La Fiesta del Chivo

La Fiesta del Chivo Resumen y Análisis Capítulos 7-9

Resumen

Capítulo 7

En la habitación de su padre, Urania le da de comer en la boca. Recuerda los momentos de violencia vividos bajo el régimen de Trujillo, llevados a cabo hasta por su propio hijo, el apuesto Ramfis. Urania rememora el momento en que el muchacho la elogió por su belleza y su padre le prohibió entablar cualquier tipo de contacto con él, conocido a su vez por su predilección por las niñas menores de edad. Cuando Urania era chica, un caso fue particularmente renombrado: el de Rosalía Perdomo, una muchacha de quince años que fue ultrajada por Ramfis y sus amigos. Este episodio le hace preguntarse si su padre se olvidó del mal que le causó; ella no lo ha olvidado ni perdonado.

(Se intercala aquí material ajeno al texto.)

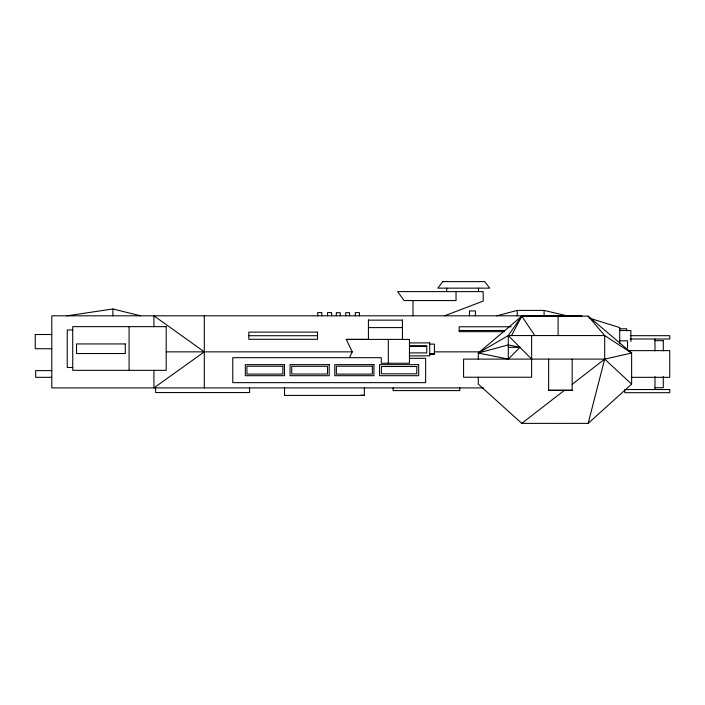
<?xml version="1.0" encoding="UTF-8"?>
<svg xmlns="http://www.w3.org/2000/svg" width="705" height="705" viewBox="0 0 705 705"><rect width="100%" height="100%" fill="white"/><g stroke="black" fill="none" stroke-linecap="round" stroke-linejoin="round"><path stroke-width="1.06" d="M478.298 377.237L478.298 384.119L521.779 423.379L588.155 423.37L604.687 359.101L604.687 335.562L588.155 316.157L521.779 316.166L478.298 353.029L478.298 359.101M349.451 357.673L352.262 351.857L346.252 339.405L409.455 339.405L409.455 363.234L381.282 363.234L381.282 357.673L232.773 357.673L232.773 382.648L425.626 382.648L425.626 358.316L409.455 358.316M511.522 335.562L521.779 316.157L534.813 335.562M478.298 353.029L508.287 344.886L519.955 347.336L508.287 359.101L478.298 353.029L508.287 335.562L521.779 316.157M588.155 423.379L631.627 384.119L631.627 353.029L588.155 316.157M521.779 423.37L564.441 390.297M572.169 384.313L604.687 359.101L631.627 353.029L604.687 335.562L508.287 335.562L508.287 359.101M444.547 315.814L483.189 301.088L483.189 291.614L397.602 291.614L404.132 300.559L456.038 300.559L456.038 291.614M496.708 315.814L517.241 310.42L544.084 310.42L567.067 315.814M67.01 315.814L112.897 308.975L140.568 315.814M581.995 315.814L51.782 315.814L51.782 387.909L483.612 387.909M368.424 320.149L402.449 320.149M511.143 326.759L459.158 326.759L459.158 331.658L504.648 331.658M368.424 327.596L402.449 327.596M619.721 328.803L626.719 328.803L626.719 330.83M72.721 329.966L67.248 329.966L67.248 367.499L72.721 367.499M459.158 330.495L504.648 330.495M619.721 330.539L630.887 330.539L630.887 341.564M35.25 334.514L51.782 334.514M248.83 335.712L317.532 335.712M630.252 335.686L669.75 335.686L669.75 339.008L630.164 339.008M654.98 340.665L663.282 340.665M619.721 340.823L627.52 340.823L627.52 348.094M409.455 342.894L429.697 342.894M429.697 344.111L434.43 344.111L434.43 354.254L429.697 354.254M409.455 346.023L426.754 346.032L426.754 352.897L409.455 352.897M409.455 346.146L426.754 346.146M508.287 347.336L519.955 347.336M51.782 348.719L35.25 348.719L35.25 334.487M628.005 350.632L669.724 350.632L669.724 377.325L631.239 377.325M166.186 351.857L352.262 351.857M434.43 351.857L480.484 351.857M429.697 353.628L434.43 353.672M429.697 354.157L434.43 354.157M409.455 355.866L429.697 355.866L429.697 342.401M51.782 370.601L35.673 370.601L35.673 377.325L51.782 377.325M654.98 387.724L663.282 387.724L663.282 376.523M548.631 359.101L548.631 390.297L572.169 390.297L572.169 359.101M548.631 390.297L572.169 390.297M364.353 387.909L364.353 395.417L284.512 395.417L284.512 387.909M346.252 339.405L368.424 339.431L368.424 319.955M361.066 395.108L364.353 395.417M589.336 318.105L619.721 327.587L619.721 343.52M631.627 384.119L604.687 359.101L463.582 359.101L463.582 377.237L531.632 377.237L531.632 335.571M508.287 335.562L531.632 359.101M663.282 340.586L663.282 350.896M654.98 339.008L654.98 350.896M654.98 376.602L654.98 389.539M558.104 316.157L558.104 335.562M544.084 310.42L544.084 315.814M517.241 310.42L517.241 315.814M478.51 288.142L478.51 291.614M475.417 315.814L475.417 310.923L469.486 310.923L469.486 315.814M459.801 387.909L459.801 390.605L393.108 390.605L393.108 387.909M446.697 288.142L446.697 291.614M412.989 300.559L412.989 315.814M402.449 319.955L402.449 339.405M388.314 339.405L388.314 363.234M359.444 315.814L359.444 312.632L355.302 312.632L355.302 315.814M349.557 315.814L349.557 312.685L345.714 312.685L345.714 315.814M340.268 315.814L340.268 312.685L336.364 312.685L336.364 315.814M331.614 315.814L331.614 312.579L327.534 312.579L327.534 315.814M321.806 315.814L321.806 312.579L317.691 312.579L317.691 315.814M249.561 387.909L249.561 392.553L155.611 392.553L155.611 387.909M204.309 315.814L204.309 387.909M153.928 326.644L153.928 315.814L204.309 351.857L153.928 387.909L153.928 370.345M129.085 326.644L129.085 370.345M112.897 308.975L112.897 315.814M442.819 281.621L437.814 288.142L489.711 288.142L484.705 281.621L442.819 281.621M166.186 326.644L72.721 326.644L72.721 370.345L166.186 370.345L166.186 326.644M317.532 332.125L248.83 332.125L248.83 339.29L317.532 339.29L317.532 332.125M125.27 343.934L76.519 343.934L76.519 353.531L125.27 353.531L125.27 343.934M284.468 364.635L245.322 364.635L245.322 375.695L284.468 375.695L284.468 364.635M329.2 364.635L290.055 364.635L290.055 375.695L329.2 375.695L329.2 364.635M373.932 364.635L334.796 364.635L334.796 375.695L373.932 375.695L373.932 364.635M418.673 364.635L379.528 364.635L379.528 375.695L418.673 375.695L418.673 364.635M372.355 366.212L336.373 366.212L336.373 374.117L372.355 374.117L372.355 366.212M282.855 366.239L246.926 366.239L246.926 374.082L282.855 374.082L282.855 366.239M327.534 366.3L291.72 366.3L291.72 374.029L327.534 374.029L327.534 366.3M416.796 366.503L381.396 366.503L381.396 373.817L416.796 373.817L416.796 366.503M669.75 389.539L624.771 389.539L624.771 392.694L669.75 392.694L669.75 389.539"/></g></svg>

El crimen de Rosalía Perdomo obliga a Trujillo a mandar a su hijo a la academia militar en Estados Unidos, donde el muchacho se encarga de desprestigiar la institución, malgastando el dinero en coches y joyas.

Urania piensa también en el hermano menor de Ramfis, Radhamés, que terminó sus días sirviendo a la mafia colombiana; en Angelita, la única hija mujer de Trujillo, que vive en Miami y forma parte de una secta evangélica. Hasta María Martínez, la mujer del Benefactor, murió pobre, sin entregarles a sus hijos la información de las cuentas bancarias. Urania le cuenta a su papá que, en el poco tiempo libre que dispone, disfruta de leer historia dominicana. Siente que es una forma de mantenerse cerca de sus raíces, a pesar de que hace más de treinta años que no pisa su tierra. En ese momento suena el timbre de la casa.

Capítulo 8

Henry Chirinos, el Constitucionalista Beodo, aparece en el despacho de Trujillo, dispuesto a hablar de las sanciones impuestas por la Organización de los Estados Americanos contra el país. El personaje es desagradable y repugnante, pero el Generalísimo lo considera como uno de sus hombres más fieles y preparados. Abogado de profesión, se encarga de los negocios de la familia Trujillo. Preocupado por el estado de las finanzas, le comenta al Jefe que es imprescindible que levanten las sanciones en su contra y le propone reducir el personal de sus empresas, que emplean al 60% de la población. Trujillo, cansado, le responde que esos puestos de trabajo no existirían si no fuera por su familia. Además, le explica que nadie se atrevería a robarle, porque se sabe que el Servicio de Inteligencia Militar actuaría en concordancia con esos actos de manera brutal. Esto justifica por qué el Jefe acumula negocios, tierras y ganados: para servir al país.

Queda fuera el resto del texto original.